** Directions **
When you set down the entries, keep every word exactly as it is but drop the pictures.

╭─ Entries shown

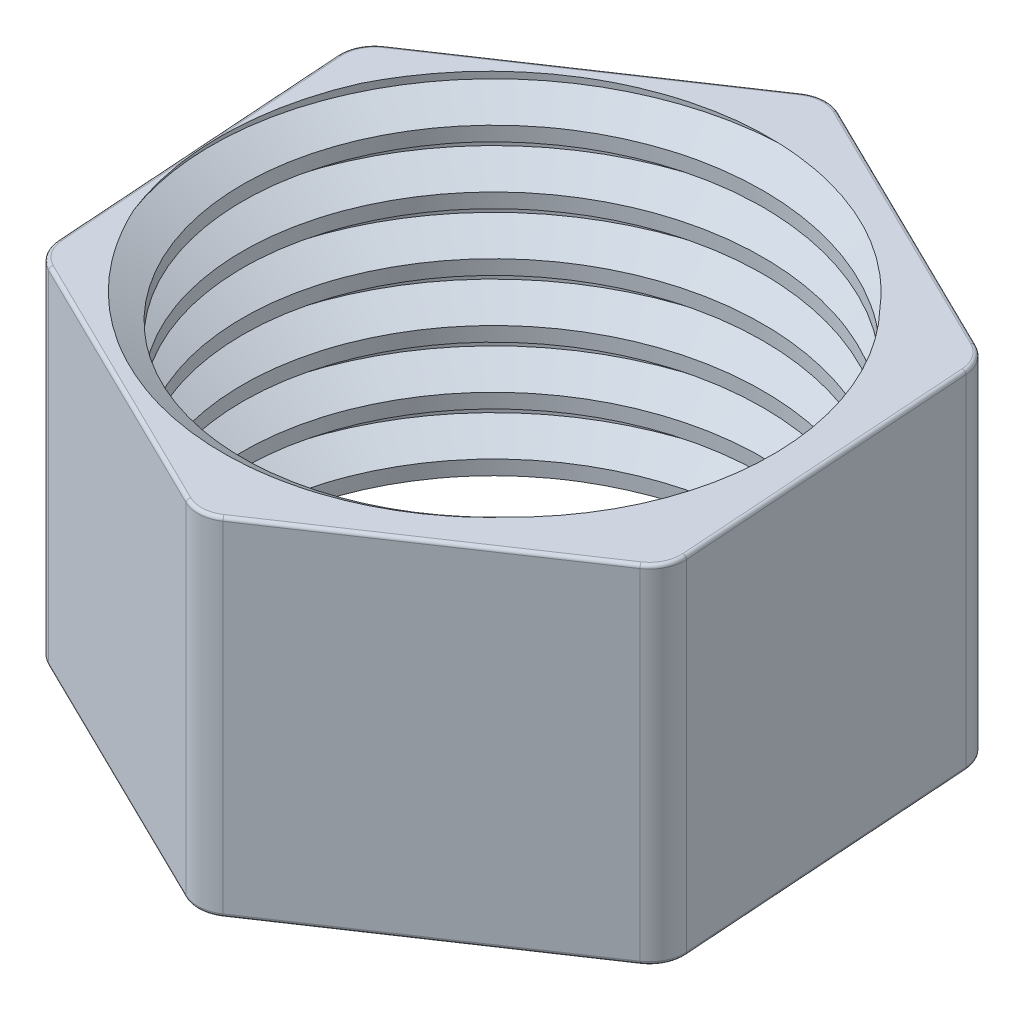
from build123d import *

# Parameters (mm, degrees)
SKETCH1_R           = 9.525
BOSS_EXTRUDE1_DEPTH = 6.35
THREAD1_PITCH       = 2.116666667
FILLET1_R           = 1.27
FILLET2_R           = 0.127


with BuildPart() as part:
    # Sketch1 → Boss-Extrude1 (new, symmetric)
    with BuildSketch(Plane(origin=(0, 0, 0), x_dir=(1, 0, 0), z_dir=(0, 1, 0))):
        Polygon((10.348040622, 6.949394838), (-0.844332159, 12.436363477), (-11.192372782, 5.486968639), (-10.348040622, -6.949394838), (0.844332159, -12.436363477), (11.192372782, -5.486968639), align=None)
        with Locations(Location((0, 0, 0), (0, 0, 270))):
            Circle(SKETCH1_R, mode=Mode.SUBTRACT)
    extrude(amount=BOSS_EXTRUDE1_DEPTH, both=True)

    # Thread1: the profile of Thread Profile1 profile screwed along a right-hand helix of 8.872441 turns, 10 arcs to a turn; built about Z, then put on its axis
    thread1_z = Axis((0, 0, 0), (0, 0, 1))
    thread1_corners = [(9.5247, 0, -0.000173205), (10.670679435, 0, 0.66145833), (10.670679435, 0, 0.926041664), (9.5247, 0, 1.587673199)]
    with BuildLine(mode=Mode.PRIVATE) as thread1_profile:
        Line(thread1_corners[0], thread1_corners[1])
        Line(thread1_corners[1], thread1_corners[2])
        Line(thread1_corners[2], thread1_corners[3])
        Line(thread1_corners[3], thread1_corners[0])
    thread1_cap = Face(thread1_profile.wire())
    thread1_turn_angles = [0, 18, 36, 54, 72, 90, 108, 126, 144, 162, 180, 198, 216, 234, 252, 270, 288, 306, 324, 342, 360]
    thread1_turn_weights = [1, 0.9510565162951535, 1, 0.9510565162951535, 1, 0.9510565162951535, 1, 0.9510565162951535, 1, 0.9510565162951535, 1, 0.9510565162951535, 1, 0.9510565162951535, 1, 0.9510565162951535, 1, 0.9510565162951535, 1, 0.9510565162951535, 1]
    thread1_turn_rails = [Edge.make_bspline([Vector(p[0], p[1], 0).rotate(thread1_z, thread1_turn_angles[k]) / thread1_turn_weights[k] + Vector(0, 0, p[2] + THREAD1_PITCH * thread1_turn_angles[k] / 360) for k in range(21)], [0, 0, 0, 1, 1, 2, 2, 3, 3, 4, 4, 5, 5, 6, 6, 7, 7, 8, 8, 9, 9, 10, 10, 10], 2, thread1_turn_weights) for p in thread1_corners]
    thread1_turn_sides = [Face.make_surface_from_curves(thread1_turn_rails[p[0]], thread1_turn_rails[p[1]]) for p in [(0, 1), (1, 2), (2, 3), (3, 0)]]
    thread1_last_angles = [2880, 2898, 2916, 2934, 2952, 2970, 2988, 3006, 3024, 3042, 3060, 3078, 3096, 3114, 3132, 3150, 3168, 3181.039370079, 3194.078740157]
    thread1_last_weights = [1, 0.9510565162951535, 1, 0.9510565162951535, 1, 0.9510565162951535, 1, 0.9510565162951535, 1, 0.9510565162951535, 1, 0.9510565162951535, 1, 0.9510565162951535, 1, 0.9510565162951535, 1, 0.9742152624638426, 1]
    thread1_last_rails = [Edge.make_bspline([Vector(p[0], p[1], 0).rotate(thread1_z, thread1_last_angles[k]) / thread1_last_weights[k] + Vector(0, 0, p[2] + THREAD1_PITCH * thread1_last_angles[k] / 360) for k in range(19)], [0, 0, 0, 1, 1, 2, 2, 3, 3, 4, 4, 5, 5, 6, 6, 7, 7, 8, 8, 9, 9, 9], 2, thread1_last_weights) for p in thread1_corners]
    thread1_last_sides = [Face.make_surface_from_curves(thread1_last_rails[p[0]], thread1_last_rails[p[1]]) for p in [(0, 1), (1, 2), (2, 3), (3, 0)]]
    thread1 = Plane(origin=(0, -12.43, 0), x_dir=(1, 0, 0), z_dir=(0, 1, 0)) * Solid(Shell([*[p.moved(Location((0, 0, THREAD1_PITCH * i))) for i in range(8) for p in thread1_turn_sides], *thread1_last_sides, thread1_cap, thread1_cap.rotate(thread1_z, 3194.078740157).moved(Location((0, 0, THREAD1_PITCH * 3194.078740157 / 360)))]))
    add(thread1, mode=Mode.SUBTRACT)

    # Fillet1
    fillet1_edges = [part.edges().sort_by_distance(p)[0] for p in [
        (11.192372782, 0, 5.486968639),
        (0.844332159, 0, 12.436363477),
        (-10.348040622, 0, 6.949394838),
        (-11.192372782, 0, -5.486968639),
        (-0.844332159, 0, -12.436363477),
        (10.348040622, 0, -6.949394838),
    ]]
    fillet(fillet1_edges, radius=FILLET1_R)

    # Fillet2
    fillet2_edges = [part.edges().sort_by_distance(p)[0] for p in [
        (-6.018352471, -6.35, -8.961666058),
        (-6.018352471, 6.35, -8.961666058),
        (10.770206702, -6.35, -0.731213099),
        (6.018352471, -6.35, 8.961666058),
        (-4.751854231, -6.35, 9.692879158),
        (-10.770206702, -6.35, 0.731213099),
        (4.751854231, -6.35, -9.692879158),
        (10.184937732, -6.35, -6.839860442),
        (11.015961767, -6.35, 5.400484591),
        (0.831024035, -6.35, 12.240345033),
        (-10.184937732, -6.35, 6.839860442),
        (-11.015961767, -6.35, -5.400484591),
        (-0.831024035, -6.35, -12.240345033),
        (4.751854231, 6.35, -9.692879158),
        (10.770206702, 6.35, -0.731213099),
        (-10.770206702, 6.35, 0.731213099),
        (-4.751854231, 6.35, 9.692879158),
        (6.018352471, 6.35, 8.961666058),
        (10.184937732, 6.35, -6.839860442),
        (11.015961767, 6.35, 5.400484591),
        (0.831024035, 6.35, 12.240345033),
        (-10.184937732, 6.35, 6.839860442),
        (-11.015961767, 6.35, -5.400484591),
        (-0.831024035, 6.35, -12.240345033),
    ]]
    fillet(fillet2_edges, radius=FILLET2_R)


solid = part.part

╰─

** Final answer **
from build123d import *

# Parameters (mm, degrees)
SKETCH1_R           = 9.525
BOSS_EXTRUDE1_DEPTH = 6.35
THREAD1_PITCH       = 2.116666667
FILLET1_R           = 1.27
FILLET2_R           = 0.127


with BuildPart() as part:
    # Sketch1 → Boss-Extrude1 (new, symmetric)
    with BuildSketch(Plane(origin=(0, 0, 0), x_dir=(1, 0, 0), z_dir=(0, 1, 0))):
        Polygon((10.348040622, 6.949394838), (-0.844332159, 12.436363477), (-11.192372782, 5.486968639), (-10.348040622, -6.949394838), (0.844332159, -12.436363477), (11.192372782, -5.486968639), align=None)
        with Locations(Location((0, 0, 0), (0, 0, 270))):
            Circle(SKETCH1_R, mode=Mode.SUBTRACT)
    extrude(amount=BOSS_EXTRUDE1_DEPTH, both=True)

    # Thread1: the profile of Thread Profile1 profile screwed along a right-hand helix of 8.872441 turns, 10 arcs to a turn; built about Z, then put on its axis
    thread1_z = Axis((0, 0, 0), (0, 0, 1))
    thread1_corners = [(9.5247, 0, -0.000173205), (10.670679435, 0, 0.66145833), (10.670679435, 0, 0.926041664), (9.5247, 0, 1.587673199)]
    with BuildLine(mode=Mode.PRIVATE) as thread1_profile:
        Line(thread1_corners[0], thread1_corners[1])
        Line(thread1_corners[1], thread1_corners[2])
        Line(thread1_corners[2], thread1_corners[3])
        Line(thread1_corners[3], thread1_corners[0])
    thread1_cap = Face(thread1_profile.wire())
    thread1_turn_angles = [0, 18, 36, 54, 72, 90, 108, 126, 144, 162, 180, 198, 216, 234, 252, 270, 288, 306, 324, 342, 360]
    thread1_turn_weights = [1, 0.9510565162951535, 1, 0.9510565162951535, 1, 0.9510565162951535, 1, 0.9510565162951535, 1, 0.9510565162951535, 1, 0.9510565162951535, 1, 0.9510565162951535, 1, 0.9510565162951535, 1, 0.9510565162951535, 1, 0.9510565162951535, 1]
    thread1_turn_rails = [Edge.make_bspline([Vector(p[0], p[1], 0).rotate(thread1_z, thread1_turn_angles[k]) / thread1_turn_weights[k] + Vector(0, 0, p[2] + THREAD1_PITCH * thread1_turn_angles[k] / 360) for k in range(21)], [0, 0, 0, 1, 1, 2, 2, 3, 3, 4, 4, 5, 5, 6, 6, 7, 7, 8, 8, 9, 9, 10, 10, 10], 2, thread1_turn_weights) for p in thread1_corners]
    thread1_turn_sides = [Face.make_surface_from_curves(thread1_turn_rails[p[0]], thread1_turn_rails[p[1]]) for p in [(0, 1), (1, 2), (2, 3), (3, 0)]]
    thread1_last_angles = [2880, 2898, 2916, 2934, 2952, 2970, 2988, 3006, 3024, 3042, 3060, 3078, 3096, 3114, 3132, 3150, 3168, 3181.039370079, 3194.078740157]
    thread1_last_weights = [1, 0.9510565162951535, 1, 0.9510565162951535, 1, 0.9510565162951535, 1, 0.9510565162951535, 1, 0.9510565162951535, 1, 0.9510565162951535, 1, 0.9510565162951535, 1, 0.9510565162951535, 1, 0.9742152624638426, 1]
    thread1_last_rails = [Edge.make_bspline([Vector(p[0], p[1], 0).rotate(thread1_z, thread1_last_angles[k]) / thread1_last_weights[k] + Vector(0, 0, p[2] + THREAD1_PITCH * thread1_last_angles[k] / 360) for k in range(19)], [0, 0, 0, 1, 1, 2, 2, 3, 3, 4, 4, 5, 5, 6, 6, 7, 7, 8, 8, 9, 9, 9], 2, thread1_last_weights) for p in thread1_corners]
    thread1_last_sides = [Face.make_surface_from_curves(thread1_last_rails[p[0]], thread1_last_rails[p[1]]) for p in [(0, 1), (1, 2), (2, 3), (3, 0)]]
    thread1 = Plane(origin=(0, -12.43, 0), x_dir=(1, 0, 0), z_dir=(0, 1, 0)) * Solid(Shell([*[p.moved(Location((0, 0, THREAD1_PITCH * i))) for i in range(8) for p in thread1_turn_sides], *thread1_last_sides, thread1_cap, thread1_cap.rotate(thread1_z, 3194.078740157).moved(Location((0, 0, THREAD1_PITCH * 3194.078740157 / 360)))]))
    add(thread1, mode=Mode.SUBTRACT)

    # Fillet1
    fillet1_edges = [part.edges().sort_by_distance(p)[0] for p in [
        (11.192372782, 0, 5.486968639),
        (0.844332159, 0, 12.436363477),
        (-10.348040622, 0, 6.949394838),
        (-11.192372782, 0, -5.486968639),
        (-0.844332159, 0, -12.436363477),
        (10.348040622, 0, -6.949394838),
    ]]
    fillet(fillet1_edges, radius=FILLET1_R)

    # Fillet2
    fillet2_edges = [part.edges().sort_by_distance(p)[0] for p in [
        (-6.018352471, -6.35, -8.961666058),
        (-6.018352471, 6.35, -8.961666058),
        (10.770206702, -6.35, -0.731213099),
        (6.018352471, -6.35, 8.961666058),
        (-4.751854231, -6.35, 9.692879158),
        (-10.770206702, -6.35, 0.731213099),
        (4.751854231, -6.35, -9.692879158),
        (10.184937732, -6.35, -6.839860442),
        (11.015961767, -6.35, 5.400484591),
        (0.831024035, -6.35, 12.240345033),
        (-10.184937732, -6.35, 6.839860442),
        (-11.015961767, -6.35, -5.400484591),
        (-0.831024035, -6.35, -12.240345033),
        (4.751854231, 6.35, -9.692879158),
        (10.770206702, 6.35, -0.731213099),
        (-10.770206702, 6.35, 0.731213099),
        (-4.751854231, 6.35, 9.692879158),
        (6.018352471, 6.35, 8.961666058),
        (10.184937732, 6.35, -6.839860442),
        (11.015961767, 6.35, 5.400484591),
        (0.831024035, 6.35, 12.240345033),
        (-10.184937732, 6.35, 6.839860442),
        (-11.015961767, 6.35, -5.400484591),
        (-0.831024035, 6.35, -12.240345033),
    ]]
    fillet(fillet2_edges, radius=FILLET2_R)


solid = part.part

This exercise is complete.